GIVEN INFORMATION -

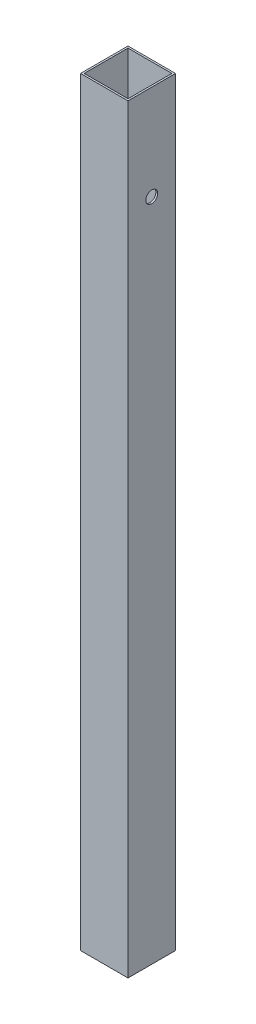
ISO-10303-21;
HEADER;
FILE_DESCRIPTION(('STEP AP214'),'2;1');
FILE_NAME('part.step','',(''),(''),'','','');
FILE_SCHEMA(('AUTOMOTIVE_DESIGN { 1 0 10303 214 1 1 1 1 }'));
ENDSEC;
DATA;
#1=APPLICATION_CONTEXT('core data for automotive mechanical design processes');
#2=APPLICATION_PROTOCOL_DEFINITION('international standard','automotive_design',2000,#1);
#3=PRODUCT_CONTEXT('',#1,'mechanical');
#4=PRODUCT('Part','Part','',(#3));
#5=PRODUCT_RELATED_PRODUCT_CATEGORY('part','',(#4));
#6=PRODUCT_DEFINITION_FORMATION('','',#4);
#7=PRODUCT_DEFINITION_CONTEXT('part definition',#1,'design');
#8=PRODUCT_DEFINITION('design','',#6,#7);
#9=PRODUCT_DEFINITION_SHAPE('','',#8);
#10=(LENGTH_UNIT() NAMED_UNIT(*) SI_UNIT(.MILLI.,.METRE.));
#11=(NAMED_UNIT(*) PLANE_ANGLE_UNIT() SI_UNIT($,.RADIAN.));
#12=(NAMED_UNIT(*) SI_UNIT($,.STERADIAN.) SOLID_ANGLE_UNIT());
#13=UNCERTAINTY_MEASURE_WITH_UNIT(LENGTH_MEASURE(1.E-05),#10,'distance_accuracy_value','');
#14=(GEOMETRIC_REPRESENTATION_CONTEXT(3) GLOBAL_UNCERTAINTY_ASSIGNED_CONTEXT((#13)) GLOBAL_UNIT_ASSIGNED_CONTEXT((#10,
#11,#12)) REPRESENTATION_CONTEXT('',''));
#15=CARTESIAN_POINT('',(0.,0.,0.));
#16=DIRECTION('',(0.,0.,1.));
#17=DIRECTION('',(1.,0.,0.));
#18=AXIS2_PLACEMENT_3D('',#15,#16,#17);
#19=CARTESIAN_POINT('',(0.,406.4,0.));
#20=DIRECTION('',(0.,1.,0.));
#21=DIRECTION('',(0.,0.,1.));
#22=AXIS2_PLACEMENT_3D('',#19,#20,#21);
#23=PLANE('',#22);
#24=DIRECTION('',(0.,0.,-1.));
#25=VECTOR('',#24,1.);
#26=CARTESIAN_POINT('',(12.7,406.4,-12.7));
#27=LINE('',#26,#25);
#28=CARTESIAN_POINT('',(12.7,406.4,12.7));
#29=VERTEX_POINT('',#28);
#30=CARTESIAN_POINT('',(12.7,406.4,-12.7));
#31=VERTEX_POINT('',#30);
#32=EDGE_CURVE('E139',#29,#31,#27,.T.);
#33=ORIENTED_EDGE('',*,*,#32,.T.);
#34=DIRECTION('',(-1.,0.,0.));
#35=VECTOR('',#34,1.);
#36=CARTESIAN_POINT('',(-12.7,406.4,-12.7));
#37=LINE('',#36,#35);
#38=CARTESIAN_POINT('',(-12.7,406.4,-12.7));
#39=VERTEX_POINT('',#38);
#40=EDGE_CURVE('E142',#31,#39,#37,.T.);
#41=ORIENTED_EDGE('',*,*,#40,.T.);
#42=DIRECTION('',(0.,0.,1.));
#43=VECTOR('',#42,1.);
#44=CARTESIAN_POINT('',(-12.7,406.4,-12.7));
#45=LINE('',#44,#43);
#46=CARTESIAN_POINT('',(-12.7,406.4,12.7));
#47=VERTEX_POINT('',#46);
#48=EDGE_CURVE('E145',#39,#47,#45,.T.);
#49=ORIENTED_EDGE('',*,*,#48,.T.);
#50=DIRECTION('',(1.,0.,0.));
#51=VECTOR('',#50,1.);
#52=CARTESIAN_POINT('',(-12.7,406.4,12.7));
#53=LINE('',#52,#51);
#54=EDGE_CURVE('E147',#47,#29,#53,.T.);
#55=ORIENTED_EDGE('',*,*,#54,.T.);
#56=EDGE_LOOP('',(#33,#41,#49,#55));
#57=FACE_BOUND('',#56,.T.);
#58=DIRECTION('',(1.,0.,0.));
#59=VECTOR('',#58,1.);
#60=CARTESIAN_POINT('',(-11.7348,406.4,11.7348));
#61=LINE('',#60,#59);
#62=CARTESIAN_POINT('',(-11.7348,406.4,11.7348));
#63=VERTEX_POINT('',#62);
#64=CARTESIAN_POINT('',(11.7348,406.4,11.7348));
#65=VERTEX_POINT('',#64);
#66=EDGE_CURVE('E109',#63,#65,#61,.T.);
#67=ORIENTED_EDGE('',*,*,#66,.F.);
#68=DIRECTION('',(0.,0.,1.));
#69=VECTOR('',#68,1.);
#70=CARTESIAN_POINT('',(-11.7348,406.4,-11.7348));
#71=LINE('',#70,#69);
#72=CARTESIAN_POINT('',(-11.7348,406.4,-11.7348));
#73=VERTEX_POINT('',#72);
#74=EDGE_CURVE('E101',#73,#63,#71,.T.);
#75=ORIENTED_EDGE('',*,*,#74,.F.);
#76=DIRECTION('',(-1.,0.,0.));
#77=VECTOR('',#76,1.);
#78=CARTESIAN_POINT('',(-11.7348,406.4,-11.7348));
#79=LINE('',#78,#77);
#80=CARTESIAN_POINT('',(11.7348,406.4,-11.7348));
#81=VERTEX_POINT('',#80);
#82=EDGE_CURVE('E123',#81,#73,#79,.T.);
#83=ORIENTED_EDGE('',*,*,#82,.F.);
#84=DIRECTION('',(0.,0.,-1.));
#85=VECTOR('',#84,1.);
#86=CARTESIAN_POINT('',(11.7348,406.4,-11.7348));
#87=LINE('',#86,#85);
#88=EDGE_CURVE('E121',#65,#81,#87,.T.);
#89=ORIENTED_EDGE('',*,*,#88,.F.);
#90=EDGE_LOOP('',(#67,#75,#83,#89));
#91=FACE_BOUND('',#90,.T.);
#92=ADVANCED_FACE('F35',(#57,#91),#23,.T.);
#93=CARTESIAN_POINT('',(0.,0.,0.));
#94=DIRECTION('',(0.,1.,0.));
#95=DIRECTION('',(0.,0.,1.));
#96=AXIS2_PLACEMENT_3D('',#93,#94,#95);
#97=PLANE('',#96);
#98=DIRECTION('',(0.,0.,-1.));
#99=VECTOR('',#98,1.);
#100=CARTESIAN_POINT('',(12.7,0.,-12.7));
#101=LINE('',#100,#99);
#102=CARTESIAN_POINT('',(12.7,0.,12.7));
#103=VERTEX_POINT('',#102);
#104=CARTESIAN_POINT('',(12.7,0.,-12.7));
#105=VERTEX_POINT('',#104);
#106=EDGE_CURVE('E117',#103,#105,#101,.T.);
#107=ORIENTED_EDGE('',*,*,#106,.F.);
#108=DIRECTION('',(1.,0.,0.));
#109=VECTOR('',#108,1.);
#110=CARTESIAN_POINT('',(-12.7,0.,12.7));
#111=LINE('',#110,#109);
#112=CARTESIAN_POINT('',(-12.7,0.,12.7));
#113=VERTEX_POINT('',#112);
#114=EDGE_CURVE('E143',#113,#103,#111,.T.);
#115=ORIENTED_EDGE('',*,*,#114,.F.);
#116=DIRECTION('',(0.,0.,1.));
#117=VECTOR('',#116,1.);
#118=CARTESIAN_POINT('',(-12.7,0.,-12.7));
#119=LINE('',#118,#117);
#120=CARTESIAN_POINT('',(-12.7,0.,-12.7));
#121=VERTEX_POINT('',#120);
#122=EDGE_CURVE('E154',#121,#113,#119,.T.);
#123=ORIENTED_EDGE('',*,*,#122,.F.);
#124=DIRECTION('',(-1.,0.,0.));
#125=VECTOR('',#124,1.);
#126=CARTESIAN_POINT('',(-12.7,0.,-12.7));
#127=LINE('',#126,#125);
#128=EDGE_CURVE('E152',#105,#121,#127,.T.);
#129=ORIENTED_EDGE('',*,*,#128,.F.);
#130=EDGE_LOOP('',(#107,#115,#123,#129));
#131=FACE_BOUND('',#130,.T.);
#132=DIRECTION('',(0.,0.,1.));
#133=VECTOR('',#132,1.);
#134=CARTESIAN_POINT('',(-11.7348,0.,-11.7348));
#135=LINE('',#134,#133);
#136=CARTESIAN_POINT('',(-11.7348,0.,-11.7348));
#137=VERTEX_POINT('',#136);
#138=CARTESIAN_POINT('',(-11.7348,0.,11.7348));
#139=VERTEX_POINT('',#138);
#140=EDGE_CURVE('E59',#137,#139,#135,.T.);
#141=ORIENTED_EDGE('',*,*,#140,.T.);
#142=DIRECTION('',(1.,0.,0.));
#143=VECTOR('',#142,1.);
#144=CARTESIAN_POINT('',(-11.7348,0.,11.7348));
#145=LINE('',#144,#143);
#146=CARTESIAN_POINT('',(11.7348,0.,11.7348));
#147=VERTEX_POINT('',#146);
#148=EDGE_CURVE('E116',#139,#147,#145,.T.);
#149=ORIENTED_EDGE('',*,*,#148,.T.);
#150=DIRECTION('',(0.,0.,-1.));
#151=VECTOR('',#150,1.);
#152=CARTESIAN_POINT('',(11.7348,0.,-11.7348));
#153=LINE('',#152,#151);
#154=CARTESIAN_POINT('',(11.7348,0.,-11.7348));
#155=VERTEX_POINT('',#154);
#156=EDGE_CURVE('E131',#147,#155,#153,.T.);
#157=ORIENTED_EDGE('',*,*,#156,.T.);
#158=DIRECTION('',(-1.,0.,0.));
#159=VECTOR('',#158,1.);
#160=CARTESIAN_POINT('',(-11.7348,0.,-11.7348));
#161=LINE('',#160,#159);
#162=EDGE_CURVE('E110',#155,#137,#161,.T.);
#163=ORIENTED_EDGE('',*,*,#162,.T.);
#164=EDGE_LOOP('',(#141,#149,#157,#163));
#165=FACE_BOUND('',#164,.T.);
#166=ADVANCED_FACE('F173',(#131,#165),#97,.F.);
#167=CARTESIAN_POINT('',(12.7,406.4,-12.7));
#168=DIRECTION('',(-1.,0.,0.));
#169=DIRECTION('',(0.,0.,1.));
#170=AXIS2_PLACEMENT_3D('',#167,#168,#169);
#171=PLANE('',#170);
#172=CARTESIAN_POINT('',(12.7,355.6,0.));
#173=DIRECTION('',(-1.,0.,0.));
#174=DIRECTION('',(0.,0.,1.));
#175=AXIS2_PLACEMENT_3D('',#172,#173,#174);
#176=CIRCLE('',#175,3.175);
#177=CARTESIAN_POINT('',(12.7,355.6,3.175));
#178=VERTEX_POINT('',#177);
#179=EDGE_CURVE('E129',#178,#178,#176,.T.);
#180=ORIENTED_EDGE('',*,*,#179,.T.);
#181=EDGE_LOOP('',(#180));
#182=FACE_BOUND('',#181,.T.);
#183=ORIENTED_EDGE('',*,*,#106,.T.);
#184=DIRECTION('',(0.,-1.,0.));
#185=VECTOR('',#184,1.);
#186=CARTESIAN_POINT('',(12.7,406.4,-12.7));
#187=LINE('',#186,#185);
#188=EDGE_CURVE('E11',#31,#105,#187,.T.);
#189=ORIENTED_EDGE('',*,*,#188,.F.);
#190=ORIENTED_EDGE('',*,*,#32,.F.);
#191=DIRECTION('',(0.,-1.,0.));
#192=VECTOR('',#191,1.);
#193=CARTESIAN_POINT('',(12.7,406.4,12.7));
#194=LINE('',#193,#192);
#195=EDGE_CURVE('E149',#29,#103,#194,.T.);
#196=ORIENTED_EDGE('',*,*,#195,.T.);
#197=EDGE_LOOP('',(#183,#189,#190,#196));
#198=FACE_BOUND('',#197,.T.);
#199=ADVANCED_FACE('F37',(#182,#198),#171,.F.);
#200=CARTESIAN_POINT('',(-12.7,406.4,-12.7));
#201=DIRECTION('',(0.,0.,1.));
#202=DIRECTION('',(1.,0.,0.));
#203=AXIS2_PLACEMENT_3D('',#200,#201,#202);
#204=PLANE('',#203);
#205=ORIENTED_EDGE('',*,*,#128,.T.);
#206=DIRECTION('',(0.,-1.,0.));
#207=VECTOR('',#206,1.);
#208=CARTESIAN_POINT('',(-12.7,406.4,-12.7));
#209=LINE('',#208,#207);
#210=EDGE_CURVE('E44',#39,#121,#209,.T.);
#211=ORIENTED_EDGE('',*,*,#210,.F.);
#212=ORIENTED_EDGE('',*,*,#40,.F.);
#213=ORIENTED_EDGE('',*,*,#188,.T.);
#214=EDGE_LOOP('',(#205,#211,#212,#213));
#215=FACE_BOUND('',#214,.T.);
#216=ADVANCED_FACE('F183',(#215),#204,.F.);
#217=CARTESIAN_POINT('',(-12.7,406.4,-12.7));
#218=DIRECTION('',(1.,0.,0.));
#219=DIRECTION('',(0.,0.,-1.));
#220=AXIS2_PLACEMENT_3D('',#217,#218,#219);
#221=PLANE('',#220);
#222=CARTESIAN_POINT('',(-12.7,355.6,0.));
#223=DIRECTION('',(-1.,0.,0.));
#224=DIRECTION('',(0.,0.,1.));
#225=AXIS2_PLACEMENT_3D('',#222,#223,#224);
#226=CIRCLE('',#225,3.175);
#227=CARTESIAN_POINT('',(-12.7,355.6,3.175));
#228=VERTEX_POINT('',#227);
#229=EDGE_CURVE('E217',#228,#228,#226,.T.);
#230=ORIENTED_EDGE('',*,*,#229,.F.);
#231=EDGE_LOOP('',(#230));
#232=FACE_BOUND('',#231,.T.);
#233=ORIENTED_EDGE('',*,*,#122,.T.);
#234=DIRECTION('',(0.,-1.,0.));
#235=VECTOR('',#234,1.);
#236=CARTESIAN_POINT('',(-12.7,406.4,12.7));
#237=LINE('',#236,#235);
#238=EDGE_CURVE('E159',#47,#113,#237,.T.);
#239=ORIENTED_EDGE('',*,*,#238,.F.);
#240=ORIENTED_EDGE('',*,*,#48,.F.);
#241=ORIENTED_EDGE('',*,*,#210,.T.);
#242=EDGE_LOOP('',(#233,#239,#240,#241));
#243=FACE_BOUND('',#242,.T.);
#244=ADVANCED_FACE('F167',(#232,#243),#221,.F.);
#245=CARTESIAN_POINT('',(-12.7,406.4,12.7));
#246=DIRECTION('',(0.,0.,-1.));
#247=DIRECTION('',(-1.,0.,0.));
#248=AXIS2_PLACEMENT_3D('',#245,#246,#247);
#249=PLANE('',#248);
#250=ORIENTED_EDGE('',*,*,#114,.T.);
#251=ORIENTED_EDGE('',*,*,#195,.F.);
#252=ORIENTED_EDGE('',*,*,#54,.F.);
#253=ORIENTED_EDGE('',*,*,#238,.T.);
#254=EDGE_LOOP('',(#250,#251,#252,#253));
#255=FACE_BOUND('',#254,.T.);
#256=ADVANCED_FACE('F177',(#255),#249,.F.);
#257=CARTESIAN_POINT('',(-11.7348,406.4,-11.7348));
#258=DIRECTION('',(1.,0.,0.));
#259=DIRECTION('',(0.,0.,-1.));
#260=AXIS2_PLACEMENT_3D('',#257,#258,#259);
#261=PLANE('',#260);
#262=CARTESIAN_POINT('',(-11.7348,355.6,0.));
#263=DIRECTION('',(1.,0.,0.));
#264=DIRECTION('',(0.,0.,-1.));
#265=AXIS2_PLACEMENT_3D('',#262,#263,#264);
#266=CIRCLE('',#265,3.175);
#267=CARTESIAN_POINT('',(-11.7348,355.6,-3.175));
#268=VERTEX_POINT('',#267);
#269=EDGE_CURVE('E212',#268,#268,#266,.T.);
#270=ORIENTED_EDGE('',*,*,#269,.F.);
#271=EDGE_LOOP('',(#270));
#272=FACE_BOUND('',#271,.T.);
#273=ORIENTED_EDGE('',*,*,#140,.F.);
#274=DIRECTION('',(0.,-1.,0.));
#275=VECTOR('',#274,1.);
#276=CARTESIAN_POINT('',(-11.7348,406.4,-11.7348));
#277=LINE('',#276,#275);
#278=EDGE_CURVE('E105',#73,#137,#277,.T.);
#279=ORIENTED_EDGE('',*,*,#278,.F.);
#280=ORIENTED_EDGE('',*,*,#74,.T.);
#281=DIRECTION('',(0.,-1.,0.));
#282=VECTOR('',#281,1.);
#283=CARTESIAN_POINT('',(-11.7348,406.4,11.7348));
#284=LINE('',#283,#282);
#285=EDGE_CURVE('E104',#63,#139,#284,.T.);
#286=ORIENTED_EDGE('',*,*,#285,.T.);
#287=EDGE_LOOP('',(#273,#279,#280,#286));
#288=FACE_BOUND('',#287,.T.);
#289=ADVANCED_FACE('F103',(#272,#288),#261,.T.);
#290=CARTESIAN_POINT('',(-11.7348,406.4,11.7348));
#291=DIRECTION('',(0.,0.,-1.));
#292=DIRECTION('',(-1.,0.,0.));
#293=AXIS2_PLACEMENT_3D('',#290,#291,#292);
#294=PLANE('',#293);
#295=ORIENTED_EDGE('',*,*,#148,.F.);
#296=ORIENTED_EDGE('',*,*,#285,.F.);
#297=ORIENTED_EDGE('',*,*,#66,.T.);
#298=DIRECTION('',(0.,-1.,0.));
#299=VECTOR('',#298,1.);
#300=CARTESIAN_POINT('',(11.7348,406.4,11.7348));
#301=LINE('',#300,#299);
#302=EDGE_CURVE('E118',#65,#147,#301,.T.);
#303=ORIENTED_EDGE('',*,*,#302,.T.);
#304=EDGE_LOOP('',(#295,#296,#297,#303));
#305=FACE_BOUND('',#304,.T.);
#306=ADVANCED_FACE('F113',(#305),#294,.T.);
#307=CARTESIAN_POINT('',(11.7348,406.4,-11.7348));
#308=DIRECTION('',(-1.,0.,0.));
#309=DIRECTION('',(0.,0.,1.));
#310=AXIS2_PLACEMENT_3D('',#307,#308,#309);
#311=PLANE('',#310);
#312=CARTESIAN_POINT('',(11.7348,355.6,0.));
#313=DIRECTION('',(-1.,0.,0.));
#314=DIRECTION('',(0.,0.,1.));
#315=AXIS2_PLACEMENT_3D('',#312,#313,#314);
#316=CIRCLE('',#315,3.175);
#317=CARTESIAN_POINT('',(11.7348,355.6,3.175));
#318=VERTEX_POINT('',#317);
#319=EDGE_CURVE('E39',#318,#318,#316,.T.);
#320=ORIENTED_EDGE('',*,*,#319,.F.);
#321=EDGE_LOOP('',(#320));
#322=FACE_BOUND('',#321,.T.);
#323=ORIENTED_EDGE('',*,*,#156,.F.);
#324=ORIENTED_EDGE('',*,*,#302,.F.);
#325=ORIENTED_EDGE('',*,*,#88,.T.);
#326=DIRECTION('',(0.,-1.,0.));
#327=VECTOR('',#326,1.);
#328=CARTESIAN_POINT('',(11.7348,406.4,-11.7348));
#329=LINE('',#328,#327);
#330=EDGE_CURVE('E51',#81,#155,#329,.T.);
#331=ORIENTED_EDGE('',*,*,#330,.T.);
#332=EDGE_LOOP('',(#323,#324,#325,#331));
#333=FACE_BOUND('',#332,.T.);
#334=ADVANCED_FACE('F209',(#322,#333),#311,.T.);
#335=CARTESIAN_POINT('',(-11.7348,406.4,-11.7348));
#336=DIRECTION('',(0.,0.,1.));
#337=DIRECTION('',(1.,0.,0.));
#338=AXIS2_PLACEMENT_3D('',#335,#336,#337);
#339=PLANE('',#338);
#340=ORIENTED_EDGE('',*,*,#162,.F.);
#341=ORIENTED_EDGE('',*,*,#330,.F.);
#342=ORIENTED_EDGE('',*,*,#82,.T.);
#343=ORIENTED_EDGE('',*,*,#278,.T.);
#344=EDGE_LOOP('',(#340,#341,#342,#343));
#345=FACE_BOUND('',#344,.T.);
#346=ADVANCED_FACE('F229',(#345),#339,.T.);
#347=CARTESIAN_POINT('',(393.7,355.6,0.));
#348=DIRECTION('',(-1.,0.,0.));
#349=DIRECTION('',(0.,0.,1.));
#350=AXIS2_PLACEMENT_3D('',#347,#348,#349);
#351=CYLINDRICAL_SURFACE('',#350,3.175);
#352=ORIENTED_EDGE('',*,*,#319,.T.);
#353=EDGE_LOOP('',(#352));
#354=FACE_BOUND('',#353,.T.);
#355=ORIENTED_EDGE('',*,*,#179,.F.);
#356=EDGE_LOOP('',(#355));
#357=FACE_BOUND('',#356,.T.);
#358=ADVANCED_FACE('F224',(#354,#357),#351,.F.);
#359=ORIENTED_EDGE('',*,*,#269,.T.);
#360=EDGE_LOOP('',(#359));
#361=FACE_BOUND('',#360,.T.);
#362=ORIENTED_EDGE('',*,*,#229,.T.);
#363=EDGE_LOOP('',(#362));
#364=FACE_BOUND('',#363,.T.);
#365=ADVANCED_FACE('F222',(#361,#364),#351,.F.);
#366=CLOSED_SHELL('',(#92,#166,#199,#216,#244,#256,#289,#306,#334,#346,#358,#365));
#367=MANIFOLD_SOLID_BREP('B2',#366);
#368=ADVANCED_BREP_SHAPE_REPRESENTATION('',(#18,#367),#14);
#369=SHAPE_DEFINITION_REPRESENTATION(#9,#368);
ENDSEC;
END-ISO-10303-21;

WHAT THIS TASK INVOLVES - In the listing above, find the line with "#317=CARTESIAN_POINT('',(11.7348,355.6,3.175));" and the line with "#329=LINE('',#328,#327);"; output exactly those lines and all lines between them.

ANSWER BOX -
#317=CARTESIAN_POINT('',(11.7348,355.6,3.175));
#318=VERTEX_POINT('',#317);
#319=EDGE_CURVE('E39',#318,#318,#316,.T.);
#320=ORIENTED_EDGE('',*,*,#319,.F.);
#321=EDGE_LOOP('',(#320));
#322=FACE_BOUND('',#321,.T.);
#323=ORIENTED_EDGE('',*,*,#156,.F.);
#324=ORIENTED_EDGE('',*,*,#302,.F.);
#325=ORIENTED_EDGE('',*,*,#88,.T.);
#326=DIRECTION('',(0.,-1.,0.));
#327=VECTOR('',#326,1.);
#328=CARTESIAN_POINT('',(11.7348,406.4,-11.7348));
#329=LINE('',#328,#327);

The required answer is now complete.